__What you are asked to do__.
The answer must consist only of the lines from the line with "BLDC Motor with Speed Control : Subsystem" to the line with "Constant : Constant", both included, exactly as they stand below.

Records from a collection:
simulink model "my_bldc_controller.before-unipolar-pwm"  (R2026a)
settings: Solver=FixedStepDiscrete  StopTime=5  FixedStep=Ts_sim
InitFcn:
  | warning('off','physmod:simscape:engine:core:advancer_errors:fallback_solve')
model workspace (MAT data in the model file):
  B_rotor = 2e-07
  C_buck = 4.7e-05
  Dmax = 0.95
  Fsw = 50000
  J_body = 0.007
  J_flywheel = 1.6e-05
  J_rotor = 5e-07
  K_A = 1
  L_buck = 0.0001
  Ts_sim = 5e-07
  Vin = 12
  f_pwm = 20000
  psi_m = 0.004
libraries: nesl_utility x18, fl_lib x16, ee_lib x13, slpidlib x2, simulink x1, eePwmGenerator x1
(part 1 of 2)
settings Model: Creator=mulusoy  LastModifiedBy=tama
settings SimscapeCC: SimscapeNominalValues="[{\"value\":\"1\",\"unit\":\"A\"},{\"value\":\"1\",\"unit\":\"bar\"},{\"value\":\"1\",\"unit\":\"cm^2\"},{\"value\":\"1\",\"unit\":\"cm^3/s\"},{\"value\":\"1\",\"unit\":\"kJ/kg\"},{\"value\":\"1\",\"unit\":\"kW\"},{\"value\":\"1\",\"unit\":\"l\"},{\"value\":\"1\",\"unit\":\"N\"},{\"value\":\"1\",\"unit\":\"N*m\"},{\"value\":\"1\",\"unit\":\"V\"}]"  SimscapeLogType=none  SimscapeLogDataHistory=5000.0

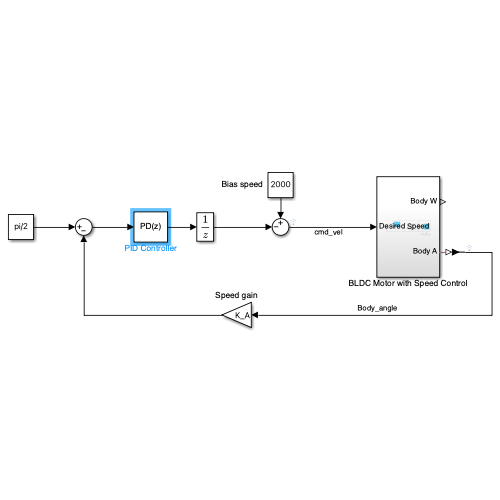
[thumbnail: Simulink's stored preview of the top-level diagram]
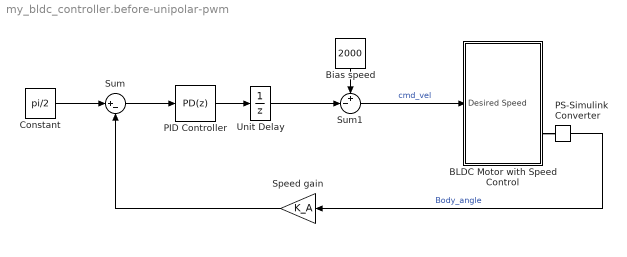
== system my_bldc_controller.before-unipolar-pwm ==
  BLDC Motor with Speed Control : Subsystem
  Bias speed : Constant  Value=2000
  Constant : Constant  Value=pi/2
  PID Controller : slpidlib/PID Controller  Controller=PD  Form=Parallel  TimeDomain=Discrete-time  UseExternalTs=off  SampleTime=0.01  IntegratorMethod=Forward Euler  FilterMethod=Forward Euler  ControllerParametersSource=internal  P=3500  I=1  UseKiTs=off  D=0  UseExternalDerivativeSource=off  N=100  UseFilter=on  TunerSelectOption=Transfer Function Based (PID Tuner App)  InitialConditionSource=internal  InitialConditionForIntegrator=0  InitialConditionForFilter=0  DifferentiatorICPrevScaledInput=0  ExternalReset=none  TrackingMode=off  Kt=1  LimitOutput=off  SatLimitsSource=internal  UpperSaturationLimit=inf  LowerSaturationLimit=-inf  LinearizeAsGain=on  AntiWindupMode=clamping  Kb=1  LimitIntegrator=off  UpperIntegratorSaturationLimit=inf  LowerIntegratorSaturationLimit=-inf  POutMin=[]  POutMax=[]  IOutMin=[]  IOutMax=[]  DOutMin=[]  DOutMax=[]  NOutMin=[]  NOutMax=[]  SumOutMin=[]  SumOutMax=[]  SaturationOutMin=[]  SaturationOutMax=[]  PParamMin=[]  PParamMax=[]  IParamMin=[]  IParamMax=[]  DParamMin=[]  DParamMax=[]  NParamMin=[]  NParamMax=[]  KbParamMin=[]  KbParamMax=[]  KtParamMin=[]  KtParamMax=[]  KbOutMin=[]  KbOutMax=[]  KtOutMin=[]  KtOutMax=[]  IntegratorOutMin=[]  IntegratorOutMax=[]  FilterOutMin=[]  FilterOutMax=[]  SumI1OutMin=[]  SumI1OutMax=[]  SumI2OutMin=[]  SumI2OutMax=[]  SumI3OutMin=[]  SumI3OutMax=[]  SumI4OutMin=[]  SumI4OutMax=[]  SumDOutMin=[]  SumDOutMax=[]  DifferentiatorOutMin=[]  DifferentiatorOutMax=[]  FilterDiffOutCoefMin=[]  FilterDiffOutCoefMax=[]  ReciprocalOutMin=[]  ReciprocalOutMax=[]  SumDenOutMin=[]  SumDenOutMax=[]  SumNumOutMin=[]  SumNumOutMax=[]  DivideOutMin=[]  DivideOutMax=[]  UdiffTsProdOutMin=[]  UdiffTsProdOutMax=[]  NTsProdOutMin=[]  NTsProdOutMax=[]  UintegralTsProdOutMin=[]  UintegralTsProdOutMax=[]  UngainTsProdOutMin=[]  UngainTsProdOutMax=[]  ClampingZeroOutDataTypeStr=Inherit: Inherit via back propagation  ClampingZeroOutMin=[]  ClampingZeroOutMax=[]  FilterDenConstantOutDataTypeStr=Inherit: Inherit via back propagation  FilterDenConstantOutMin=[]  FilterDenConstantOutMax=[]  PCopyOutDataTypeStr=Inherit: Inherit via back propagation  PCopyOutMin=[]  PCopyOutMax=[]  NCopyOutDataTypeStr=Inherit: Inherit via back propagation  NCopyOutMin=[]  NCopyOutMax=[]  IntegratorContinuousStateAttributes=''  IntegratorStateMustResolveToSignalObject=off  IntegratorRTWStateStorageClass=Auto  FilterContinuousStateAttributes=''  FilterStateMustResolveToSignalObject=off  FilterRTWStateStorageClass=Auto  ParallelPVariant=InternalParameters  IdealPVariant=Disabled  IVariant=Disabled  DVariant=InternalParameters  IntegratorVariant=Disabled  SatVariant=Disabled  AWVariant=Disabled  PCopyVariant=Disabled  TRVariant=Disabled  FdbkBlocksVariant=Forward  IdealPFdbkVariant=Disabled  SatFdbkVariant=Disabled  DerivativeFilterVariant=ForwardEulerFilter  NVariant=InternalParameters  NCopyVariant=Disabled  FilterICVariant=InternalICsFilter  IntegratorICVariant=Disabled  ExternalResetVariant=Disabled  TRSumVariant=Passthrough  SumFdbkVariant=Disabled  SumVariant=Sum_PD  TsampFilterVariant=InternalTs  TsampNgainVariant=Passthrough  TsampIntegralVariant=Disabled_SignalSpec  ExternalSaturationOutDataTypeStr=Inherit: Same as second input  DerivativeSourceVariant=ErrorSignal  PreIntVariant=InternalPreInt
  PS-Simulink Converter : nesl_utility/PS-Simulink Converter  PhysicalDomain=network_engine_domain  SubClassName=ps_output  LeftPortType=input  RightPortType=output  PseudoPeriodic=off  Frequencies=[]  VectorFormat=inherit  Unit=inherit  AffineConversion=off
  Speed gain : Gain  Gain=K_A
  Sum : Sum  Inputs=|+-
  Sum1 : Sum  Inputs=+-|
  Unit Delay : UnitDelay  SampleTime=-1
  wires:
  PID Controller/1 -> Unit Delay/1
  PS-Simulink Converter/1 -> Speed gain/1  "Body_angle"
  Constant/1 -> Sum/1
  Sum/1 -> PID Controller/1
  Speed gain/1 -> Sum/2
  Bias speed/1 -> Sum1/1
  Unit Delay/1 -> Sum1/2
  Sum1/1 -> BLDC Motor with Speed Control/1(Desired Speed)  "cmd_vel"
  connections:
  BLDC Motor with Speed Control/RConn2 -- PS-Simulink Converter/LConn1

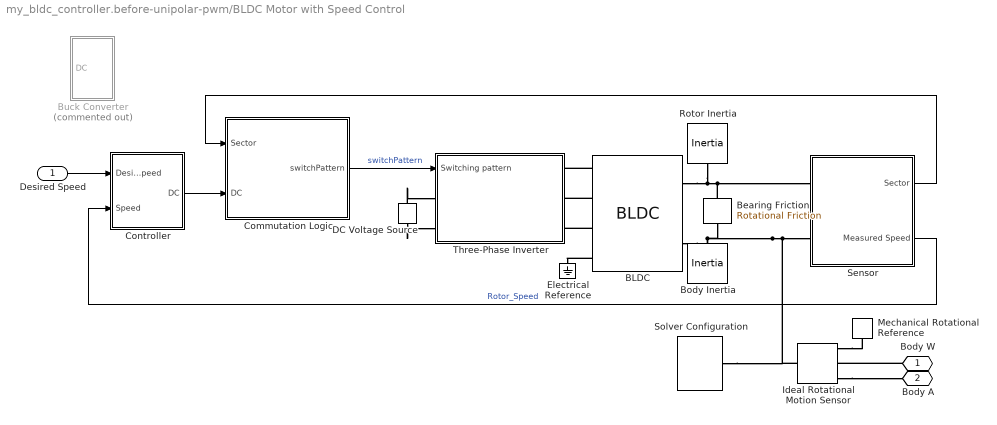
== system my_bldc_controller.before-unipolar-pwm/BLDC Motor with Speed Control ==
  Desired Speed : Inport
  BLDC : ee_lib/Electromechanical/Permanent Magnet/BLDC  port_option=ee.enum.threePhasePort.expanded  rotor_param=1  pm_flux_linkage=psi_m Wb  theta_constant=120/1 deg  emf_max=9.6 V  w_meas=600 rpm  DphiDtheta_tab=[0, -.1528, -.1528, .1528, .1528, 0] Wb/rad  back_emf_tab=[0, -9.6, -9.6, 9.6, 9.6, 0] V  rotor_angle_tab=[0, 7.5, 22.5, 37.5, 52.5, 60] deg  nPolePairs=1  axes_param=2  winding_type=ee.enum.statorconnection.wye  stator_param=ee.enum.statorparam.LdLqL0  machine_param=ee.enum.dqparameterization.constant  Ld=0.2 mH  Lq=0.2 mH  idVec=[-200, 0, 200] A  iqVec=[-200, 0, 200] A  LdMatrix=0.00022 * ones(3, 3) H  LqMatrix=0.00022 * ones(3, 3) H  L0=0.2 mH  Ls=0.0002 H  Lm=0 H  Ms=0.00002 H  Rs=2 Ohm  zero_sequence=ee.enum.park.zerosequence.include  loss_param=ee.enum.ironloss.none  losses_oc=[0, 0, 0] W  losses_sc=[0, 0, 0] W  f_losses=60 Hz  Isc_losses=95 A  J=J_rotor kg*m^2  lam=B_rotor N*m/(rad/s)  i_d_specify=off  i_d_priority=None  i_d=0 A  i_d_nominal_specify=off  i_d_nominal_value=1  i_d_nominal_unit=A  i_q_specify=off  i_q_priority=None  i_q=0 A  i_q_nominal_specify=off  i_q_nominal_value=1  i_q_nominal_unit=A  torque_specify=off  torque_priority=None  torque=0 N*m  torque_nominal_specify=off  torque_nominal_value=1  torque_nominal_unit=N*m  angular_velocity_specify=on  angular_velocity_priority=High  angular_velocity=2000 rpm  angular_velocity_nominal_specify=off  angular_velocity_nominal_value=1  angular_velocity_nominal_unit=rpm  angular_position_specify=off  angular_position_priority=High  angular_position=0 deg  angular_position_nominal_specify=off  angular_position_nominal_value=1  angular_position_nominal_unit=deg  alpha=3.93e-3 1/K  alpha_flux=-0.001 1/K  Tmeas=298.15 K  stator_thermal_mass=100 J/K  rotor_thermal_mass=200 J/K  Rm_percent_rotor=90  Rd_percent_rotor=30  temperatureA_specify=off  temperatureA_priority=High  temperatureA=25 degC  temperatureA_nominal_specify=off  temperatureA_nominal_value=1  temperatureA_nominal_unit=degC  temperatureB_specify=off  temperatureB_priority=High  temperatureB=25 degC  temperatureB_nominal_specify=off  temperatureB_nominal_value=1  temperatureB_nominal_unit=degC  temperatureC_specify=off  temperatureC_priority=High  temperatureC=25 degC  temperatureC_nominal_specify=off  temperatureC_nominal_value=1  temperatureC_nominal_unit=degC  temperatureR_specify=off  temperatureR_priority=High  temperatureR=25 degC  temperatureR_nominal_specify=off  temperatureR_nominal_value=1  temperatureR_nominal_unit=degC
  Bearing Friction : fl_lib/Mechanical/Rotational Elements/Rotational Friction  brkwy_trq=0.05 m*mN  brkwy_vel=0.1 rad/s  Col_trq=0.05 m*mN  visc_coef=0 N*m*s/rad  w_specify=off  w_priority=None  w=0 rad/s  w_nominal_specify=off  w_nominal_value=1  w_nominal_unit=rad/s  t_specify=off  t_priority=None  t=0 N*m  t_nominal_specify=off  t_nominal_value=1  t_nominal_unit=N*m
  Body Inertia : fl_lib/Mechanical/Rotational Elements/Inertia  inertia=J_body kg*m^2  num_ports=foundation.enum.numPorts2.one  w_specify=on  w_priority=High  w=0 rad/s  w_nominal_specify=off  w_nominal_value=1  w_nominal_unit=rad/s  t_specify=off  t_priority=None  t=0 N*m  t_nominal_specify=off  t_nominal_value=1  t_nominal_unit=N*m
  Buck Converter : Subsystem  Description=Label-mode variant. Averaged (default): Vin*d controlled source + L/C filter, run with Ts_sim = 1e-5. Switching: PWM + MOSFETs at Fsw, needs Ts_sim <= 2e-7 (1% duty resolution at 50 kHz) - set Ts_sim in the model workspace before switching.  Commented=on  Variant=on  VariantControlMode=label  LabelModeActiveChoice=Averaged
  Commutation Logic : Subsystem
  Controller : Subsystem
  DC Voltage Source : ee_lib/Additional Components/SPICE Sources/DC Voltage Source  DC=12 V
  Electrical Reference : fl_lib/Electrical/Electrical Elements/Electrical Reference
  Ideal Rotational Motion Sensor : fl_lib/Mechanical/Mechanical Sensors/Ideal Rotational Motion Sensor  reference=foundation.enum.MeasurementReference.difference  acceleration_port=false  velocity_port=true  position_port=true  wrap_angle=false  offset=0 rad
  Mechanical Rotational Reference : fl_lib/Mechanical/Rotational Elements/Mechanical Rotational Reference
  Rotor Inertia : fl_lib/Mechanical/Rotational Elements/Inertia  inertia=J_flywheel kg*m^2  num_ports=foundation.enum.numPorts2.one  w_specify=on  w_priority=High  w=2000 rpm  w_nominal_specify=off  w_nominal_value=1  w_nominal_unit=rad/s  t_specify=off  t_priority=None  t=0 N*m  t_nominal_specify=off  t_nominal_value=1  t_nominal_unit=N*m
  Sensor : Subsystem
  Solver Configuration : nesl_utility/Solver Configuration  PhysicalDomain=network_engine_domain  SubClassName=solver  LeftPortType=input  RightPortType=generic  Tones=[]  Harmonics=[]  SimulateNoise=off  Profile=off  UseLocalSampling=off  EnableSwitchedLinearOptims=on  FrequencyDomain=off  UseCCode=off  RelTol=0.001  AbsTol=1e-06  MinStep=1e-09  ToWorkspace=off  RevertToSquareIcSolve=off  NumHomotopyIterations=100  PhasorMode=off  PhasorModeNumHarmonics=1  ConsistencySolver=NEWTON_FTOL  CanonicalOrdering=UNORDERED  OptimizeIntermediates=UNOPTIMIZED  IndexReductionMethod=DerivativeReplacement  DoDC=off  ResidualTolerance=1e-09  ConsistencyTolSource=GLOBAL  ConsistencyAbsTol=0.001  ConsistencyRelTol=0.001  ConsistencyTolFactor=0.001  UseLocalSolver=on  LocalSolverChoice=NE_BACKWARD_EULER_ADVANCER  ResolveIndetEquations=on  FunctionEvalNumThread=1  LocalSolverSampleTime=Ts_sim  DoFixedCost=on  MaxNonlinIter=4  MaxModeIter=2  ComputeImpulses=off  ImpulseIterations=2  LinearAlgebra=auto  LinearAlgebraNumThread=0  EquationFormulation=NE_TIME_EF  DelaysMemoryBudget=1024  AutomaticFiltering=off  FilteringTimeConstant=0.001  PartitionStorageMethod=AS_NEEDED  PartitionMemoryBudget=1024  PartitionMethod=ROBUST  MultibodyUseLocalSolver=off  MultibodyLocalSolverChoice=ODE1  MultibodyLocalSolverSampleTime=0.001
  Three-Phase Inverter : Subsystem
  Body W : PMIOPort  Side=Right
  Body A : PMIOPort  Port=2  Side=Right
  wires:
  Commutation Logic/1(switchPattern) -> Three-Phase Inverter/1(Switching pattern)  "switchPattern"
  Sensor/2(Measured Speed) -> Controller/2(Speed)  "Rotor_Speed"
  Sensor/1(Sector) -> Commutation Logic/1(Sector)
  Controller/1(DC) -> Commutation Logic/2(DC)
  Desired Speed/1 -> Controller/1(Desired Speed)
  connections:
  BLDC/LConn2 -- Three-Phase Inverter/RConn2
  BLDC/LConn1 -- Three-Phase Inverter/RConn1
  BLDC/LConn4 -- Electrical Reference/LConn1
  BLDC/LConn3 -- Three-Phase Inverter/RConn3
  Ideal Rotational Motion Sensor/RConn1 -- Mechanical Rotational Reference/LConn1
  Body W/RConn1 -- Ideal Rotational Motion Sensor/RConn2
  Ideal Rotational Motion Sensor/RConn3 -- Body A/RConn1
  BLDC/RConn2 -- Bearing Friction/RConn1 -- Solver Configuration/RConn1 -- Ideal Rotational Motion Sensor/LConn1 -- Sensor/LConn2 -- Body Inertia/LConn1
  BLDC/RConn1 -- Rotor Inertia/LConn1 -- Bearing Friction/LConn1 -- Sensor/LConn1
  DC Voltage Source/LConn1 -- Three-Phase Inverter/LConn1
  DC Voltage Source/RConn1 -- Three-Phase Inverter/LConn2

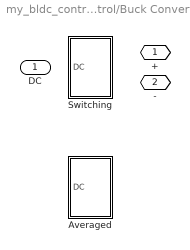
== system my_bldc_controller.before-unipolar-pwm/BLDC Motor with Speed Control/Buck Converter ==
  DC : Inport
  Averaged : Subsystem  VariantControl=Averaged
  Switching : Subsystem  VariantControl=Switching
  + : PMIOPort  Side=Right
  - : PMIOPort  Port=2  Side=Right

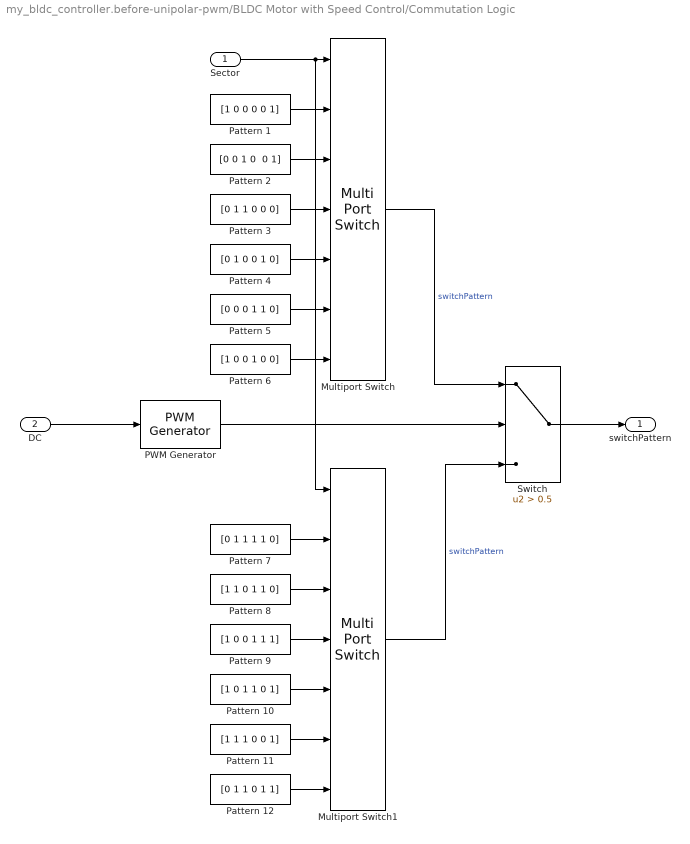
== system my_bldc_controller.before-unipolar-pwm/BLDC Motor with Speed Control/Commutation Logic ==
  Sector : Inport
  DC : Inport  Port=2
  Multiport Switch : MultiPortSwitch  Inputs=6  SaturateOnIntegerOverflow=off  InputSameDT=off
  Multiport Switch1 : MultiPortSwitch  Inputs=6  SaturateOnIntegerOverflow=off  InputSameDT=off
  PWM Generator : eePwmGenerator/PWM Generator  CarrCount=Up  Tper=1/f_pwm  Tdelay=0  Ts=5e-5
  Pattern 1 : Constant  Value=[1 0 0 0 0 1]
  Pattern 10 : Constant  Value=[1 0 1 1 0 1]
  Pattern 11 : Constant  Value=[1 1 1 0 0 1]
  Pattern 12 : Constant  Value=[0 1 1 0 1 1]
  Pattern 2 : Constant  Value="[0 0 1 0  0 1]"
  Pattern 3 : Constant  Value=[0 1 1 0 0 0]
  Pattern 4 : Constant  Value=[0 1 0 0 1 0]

__Your solution__.
  BLDC Motor with Speed Control : Subsystem
  Bias speed : Constant  Value=2000
  Constant : Constant  Value=pi/2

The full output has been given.